三渓園は以前に一度行ったことがある。本牧にある広大な庭園には蓮で知られる大池があり、あるとき横浜に住む友人から「早朝観蓮会」に誘われた。東京に住む私ともう一人の友人は、朝6時の開園目指してはるばる出かけてゆく酔狂も面白く、二つ返事で誘いに乗った。

物見遊山のつもりだったのが、薄明が残るなか浮かび上がる子供の頭ほどもある薄桃色の花々。思いのほか背の高いその群れに迎え入れられた驚きに、思わずクリシェまみれの「天国」と呟いていた。そのとき空気を満たしていた、私の記憶のどこにも無かった香り。A scent of lotus.  A scent of Heaven.  私は蓮の葉末を渡るように、確かに地面から10センチほど上を歩いていた。あの日忘れられない印象を残しながら記憶が朧げな香りをもう一度確かめたく、私はワイングラス越しの友人を誘う。

「来年の夏、行けたらぜひ!」

──そこからが私の「妄想旅行」の始まり。カレンダーをチェックし、始発電車の時間を調べ、記憶を頼りに園内のコースと見所を辿る。そういえば早朝というのに茶店まで開けて、日本人のお花見に欠かせないお団子やら茶粥まで供する中々行き届いた催しだった。

あの日は友人の名ガイドで、庭園と蓮の花を堪能した後は中華街に出て優雅な中国ランチを楽しんだもの。そして横浜港の遊歩道を散歩し、港を見下ろす穴場スポットでお茶を飲み……まるで海外旅行のような、オリエンタルでエキゾチックな一日が一コマ一コマ鮮やかに思い出される。

そんな愉しみを今夜の友人にも贈りたく、私なりのプランを膨らませてゆく。まずはとにかく早起きをしてもっとも香り高い開花のひと時を堪能し、「天国の香り」を確かめよう。朝露が残るしっとりした空気だけに許される蓮香のたゆたい。陽が高くなってしまえば香気はたちまち天上に吸い込まれてしまうのだ。

さてその後はやはり中華街、こんな時こそ朝からやっているお粥の名店を目指したい。花の驚きを各々語りながらシンプルな中華粥で空腹を満たす。腹ごなしに山手を散歩したら、午後は早めに生ビールといきたいところ。野毛の飲み屋街、さて開いていそうなお店は……?

──そこで私の妄想はフッと止まる。 来年の夏その場所はどんな景色になっているのだろう?

観蓮の7月下旬~8月初旬といえば、予定ならオリンピックの期間。
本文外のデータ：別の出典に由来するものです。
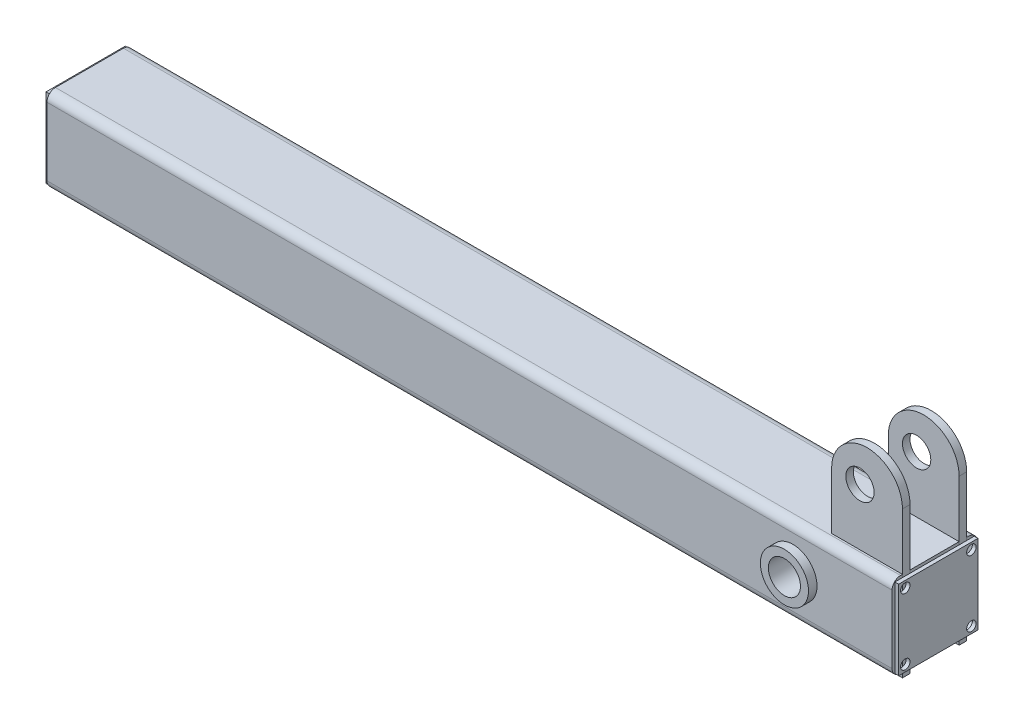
ISO-10303-21;
HEADER;
FILE_DESCRIPTION(('STEP AP214'),'2;1');
FILE_NAME('part.step','',(''),(''),'','','');
FILE_SCHEMA(('AUTOMOTIVE_DESIGN { 1 0 10303 214 1 1 1 1 }'));
ENDSEC;
DATA;
#1=APPLICATION_CONTEXT('core data for automotive mechanical design processes');
#2=APPLICATION_PROTOCOL_DEFINITION('international standard','automotive_design',2000,#1);
#3=PRODUCT_CONTEXT('',#1,'mechanical');
#4=PRODUCT('Part','Part','',(#3));
#5=PRODUCT_RELATED_PRODUCT_CATEGORY('part','',(#4));
#6=PRODUCT_DEFINITION_FORMATION('','',#4);
#7=PRODUCT_DEFINITION_CONTEXT('part definition',#1,'design');
#8=PRODUCT_DEFINITION('design','',#6,#7);
#9=PRODUCT_DEFINITION_SHAPE('','',#8);
#10=(LENGTH_UNIT() NAMED_UNIT(*) SI_UNIT(.MILLI.,.METRE.));
#11=(NAMED_UNIT(*) PLANE_ANGLE_UNIT() SI_UNIT($,.RADIAN.));
#12=(NAMED_UNIT(*) SI_UNIT($,.STERADIAN.) SOLID_ANGLE_UNIT());
#13=UNCERTAINTY_MEASURE_WITH_UNIT(LENGTH_MEASURE(1.E-05),#10,'distance_accuracy_value','');
#14=(GEOMETRIC_REPRESENTATION_CONTEXT(3) GLOBAL_UNCERTAINTY_ASSIGNED_CONTEXT((#13)) GLOBAL_UNIT_ASSIGNED_CONTEXT((#10,
#11,#12)) REPRESENTATION_CONTEXT('',''));
#15=CARTESIAN_POINT('',(0.,0.,0.));
#16=DIRECTION('',(0.,0.,1.));
#17=DIRECTION('',(1.,0.,0.));
#18=AXIS2_PLACEMENT_3D('',#15,#16,#17);
#19=CARTESIAN_POINT('',(899.,42.,-42.));
#20=DIRECTION('',(0.,0.,1.));
#21=DIRECTION('',(0.,-1.,0.));
#22=AXIS2_PLACEMENT_3D('',#19,#20,#21);
#23=PLANE('',#22);
#24=DIRECTION('',(0.,-1.,0.));
#25=VECTOR('',#24,1.);
#26=CARTESIAN_POINT('',(895.,42.,-42.));
#27=LINE('',#26,#25);
#28=CARTESIAN_POINT('',(895.,42.,-42.));
#29=VERTEX_POINT('',#28);
#30=CARTESIAN_POINT('',(895.,-42.,-42.));
#31=VERTEX_POINT('',#30);
#32=EDGE_CURVE('E146',#29,#31,#27,.T.);
#33=ORIENTED_EDGE('',*,*,#32,.F.);
#34=DIRECTION('',(-1.,0.,0.));
#35=VECTOR('',#34,1.);
#36=CARTESIAN_POINT('',(899.,42.,-42.));
#37=LINE('',#36,#35);
#38=CARTESIAN_POINT('',(899.,42.,-42.));
#39=VERTEX_POINT('',#38);
#40=EDGE_CURVE('E145',#39,#29,#37,.T.);
#41=ORIENTED_EDGE('',*,*,#40,.F.);
#42=DIRECTION('',(0.,-1.,0.));
#43=VECTOR('',#42,1.);
#44=CARTESIAN_POINT('',(899.,42.,-42.));
#45=LINE('',#44,#43);
#46=CARTESIAN_POINT('',(899.,-42.,-42.));
#47=VERTEX_POINT('',#46);
#48=EDGE_CURVE('E139',#39,#47,#45,.T.);
#49=ORIENTED_EDGE('',*,*,#48,.T.);
#50=DIRECTION('',(-1.,0.,0.));
#51=VECTOR('',#50,1.);
#52=CARTESIAN_POINT('',(899.,-42.,-42.));
#53=LINE('',#52,#51);
#54=EDGE_CURVE('E13',#47,#31,#53,.T.);
#55=ORIENTED_EDGE('',*,*,#54,.T.);
#56=EDGE_LOOP('',(#33,#41,#49,#55));
#57=FACE_BOUND('',#56,.T.);
#58=ADVANCED_FACE('F82',(#57),#23,.F.);
#59=CARTESIAN_POINT('',(899.,-42.,-42.));
#60=DIRECTION('',(0.,1.,0.));
#61=DIRECTION('',(0.,0.,1.));
#62=AXIS2_PLACEMENT_3D('',#59,#60,#61);
#63=PLANE('',#62);
#64=DIRECTION('',(0.,0.,1.));
#65=VECTOR('',#64,1.);
#66=CARTESIAN_POINT('',(895.,-42.,-42.));
#67=LINE('',#66,#65);
#68=CARTESIAN_POINT('',(895.,-42.,42.));
#69=VERTEX_POINT('',#68);
#70=EDGE_CURVE('E148',#31,#69,#67,.T.);
#71=ORIENTED_EDGE('',*,*,#70,.F.);
#72=ORIENTED_EDGE('',*,*,#54,.F.);
#73=DIRECTION('',(0.,0.,1.));
#74=VECTOR('',#73,1.);
#75=CARTESIAN_POINT('',(899.,-42.,-42.));
#76=LINE('',#75,#74);
#77=CARTESIAN_POINT('',(899.,-42.,42.));
#78=VERTEX_POINT('',#77);
#79=EDGE_CURVE('E123',#47,#78,#76,.T.);
#80=ORIENTED_EDGE('',*,*,#79,.T.);
#81=DIRECTION('',(-1.,0.,0.));
#82=VECTOR('',#81,1.);
#83=CARTESIAN_POINT('',(899.,-42.,42.));
#84=LINE('',#83,#82);
#85=EDGE_CURVE('E90',#78,#69,#84,.T.);
#86=ORIENTED_EDGE('',*,*,#85,.T.);
#87=EDGE_LOOP('',(#71,#72,#80,#86));
#88=FACE_BOUND('',#87,.T.);
#89=ADVANCED_FACE('F137',(#88),#63,.F.);
#90=CARTESIAN_POINT('',(899.,42.,42.));
#91=DIRECTION('',(0.,0.,-1.));
#92=DIRECTION('',(0.,1.,0.));
#93=AXIS2_PLACEMENT_3D('',#90,#91,#92);
#94=PLANE('',#93);
#95=DIRECTION('',(0.,1.,0.));
#96=VECTOR('',#95,1.);
#97=CARTESIAN_POINT('',(895.,42.,42.));
#98=LINE('',#97,#96);
#99=CARTESIAN_POINT('',(895.,42.,42.));
#100=VERTEX_POINT('',#99);
#101=EDGE_CURVE('E133',#69,#100,#98,.T.);
#102=ORIENTED_EDGE('',*,*,#101,.F.);
#103=ORIENTED_EDGE('',*,*,#85,.F.);
#104=DIRECTION('',(0.,1.,0.));
#105=VECTOR('',#104,1.);
#106=CARTESIAN_POINT('',(899.,42.,42.));
#107=LINE('',#106,#105);
#108=CARTESIAN_POINT('',(899.,42.,42.));
#109=VERTEX_POINT('',#108);
#110=EDGE_CURVE('E126',#78,#109,#107,.T.);
#111=ORIENTED_EDGE('',*,*,#110,.T.);
#112=DIRECTION('',(-1.,0.,0.));
#113=VECTOR('',#112,1.);
#114=CARTESIAN_POINT('',(899.,42.,42.));
#115=LINE('',#114,#113);
#116=EDGE_CURVE('E136',#109,#100,#115,.T.);
#117=ORIENTED_EDGE('',*,*,#116,.T.);
#118=EDGE_LOOP('',(#102,#103,#111,#117));
#119=FACE_BOUND('',#118,.T.);
#120=ADVANCED_FACE('F132',(#119),#94,.F.);
#121=CARTESIAN_POINT('',(899.,42.,-42.));
#122=DIRECTION('',(0.,-1.,0.));
#123=DIRECTION('',(0.,0.,-1.));
#124=AXIS2_PLACEMENT_3D('',#121,#122,#123);
#125=PLANE('',#124);
#126=DIRECTION('',(0.,0.,-1.));
#127=VECTOR('',#126,1.);
#128=CARTESIAN_POINT('',(895.,42.,-42.));
#129=LINE('',#128,#127);
#130=EDGE_CURVE('E112',#100,#29,#129,.T.);
#131=ORIENTED_EDGE('',*,*,#130,.F.);
#132=ORIENTED_EDGE('',*,*,#116,.F.);
#133=DIRECTION('',(0.,0.,-1.));
#134=VECTOR('',#133,1.);
#135=CARTESIAN_POINT('',(899.,42.,-42.));
#136=LINE('',#135,#134);
#137=EDGE_CURVE('E98',#109,#39,#136,.T.);
#138=ORIENTED_EDGE('',*,*,#137,.T.);
#139=ORIENTED_EDGE('',*,*,#40,.T.);
#140=EDGE_LOOP('',(#131,#132,#138,#139));
#141=FACE_BOUND('',#140,.T.);
#142=ADVANCED_FACE('F158',(#141),#125,.F.);
#143=CARTESIAN_POINT('',(899.,-42.,-42.));
#144=DIRECTION('',(1.,0.,0.));
#145=DIRECTION('',(0.,0.,1.));
#146=AXIS2_PLACEMENT_3D('',#143,#144,#145);
#147=PLANE('',#146);
#148=CARTESIAN_POINT('',(899.,35.,35.));
#149=DIRECTION('',(-1.,0.,0.));
#150=DIRECTION('',(0.,0.,1.));
#151=AXIS2_PLACEMENT_3D('',#148,#149,#150);
#152=CIRCLE('',#151,5.);
#153=CARTESIAN_POINT('',(899.,35.,40.));
#154=VERTEX_POINT('',#153);
#155=EDGE_CURVE('E298',#154,#154,#152,.T.);
#156=ORIENTED_EDGE('',*,*,#155,.T.);
#157=EDGE_LOOP('',(#156));
#158=FACE_BOUND('',#157,.T.);
#159=CARTESIAN_POINT('',(899.,35.,-35.));
#160=DIRECTION('',(-1.,0.,0.));
#161=DIRECTION('',(0.,0.,1.));
#162=AXIS2_PLACEMENT_3D('',#159,#160,#161);
#163=CIRCLE('',#162,5.);
#164=CARTESIAN_POINT('',(899.,35.,-30.));
#165=VERTEX_POINT('',#164);
#166=EDGE_CURVE('E300',#165,#165,#163,.T.);
#167=ORIENTED_EDGE('',*,*,#166,.T.);
#168=EDGE_LOOP('',(#167));
#169=FACE_BOUND('',#168,.T.);
#170=CARTESIAN_POINT('',(899.,-35.,-35.));
#171=DIRECTION('',(-1.,0.,0.));
#172=DIRECTION('',(0.,0.,1.));
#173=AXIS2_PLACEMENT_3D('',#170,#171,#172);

このあいだまで開催の意気込みを伝えていたが、今となっては覚束ない。来年のその頃、私たちの日常は、そして街の様子はどうなっているのだろうか?能天気な真夏の妄想にソワソワしている自分を恥じつつ、実は9.11や3.11の朝もそうやってあさってのことを思っては、ごく当たり前の日々を小さな楽しみと共に生きていたのだと考え直す。

天国の香りか知るよしも無いが、穏やかに夢見心地な匂いに浮かれて地上10センチをふわふわ歩いた日。あれはきっと友人達との楽しかった夏の一日の記憶のないまぜなのだろう。A scent of lotus.  Scents of Heaven.  蓮の花弁に刻まれた愉悦の時間。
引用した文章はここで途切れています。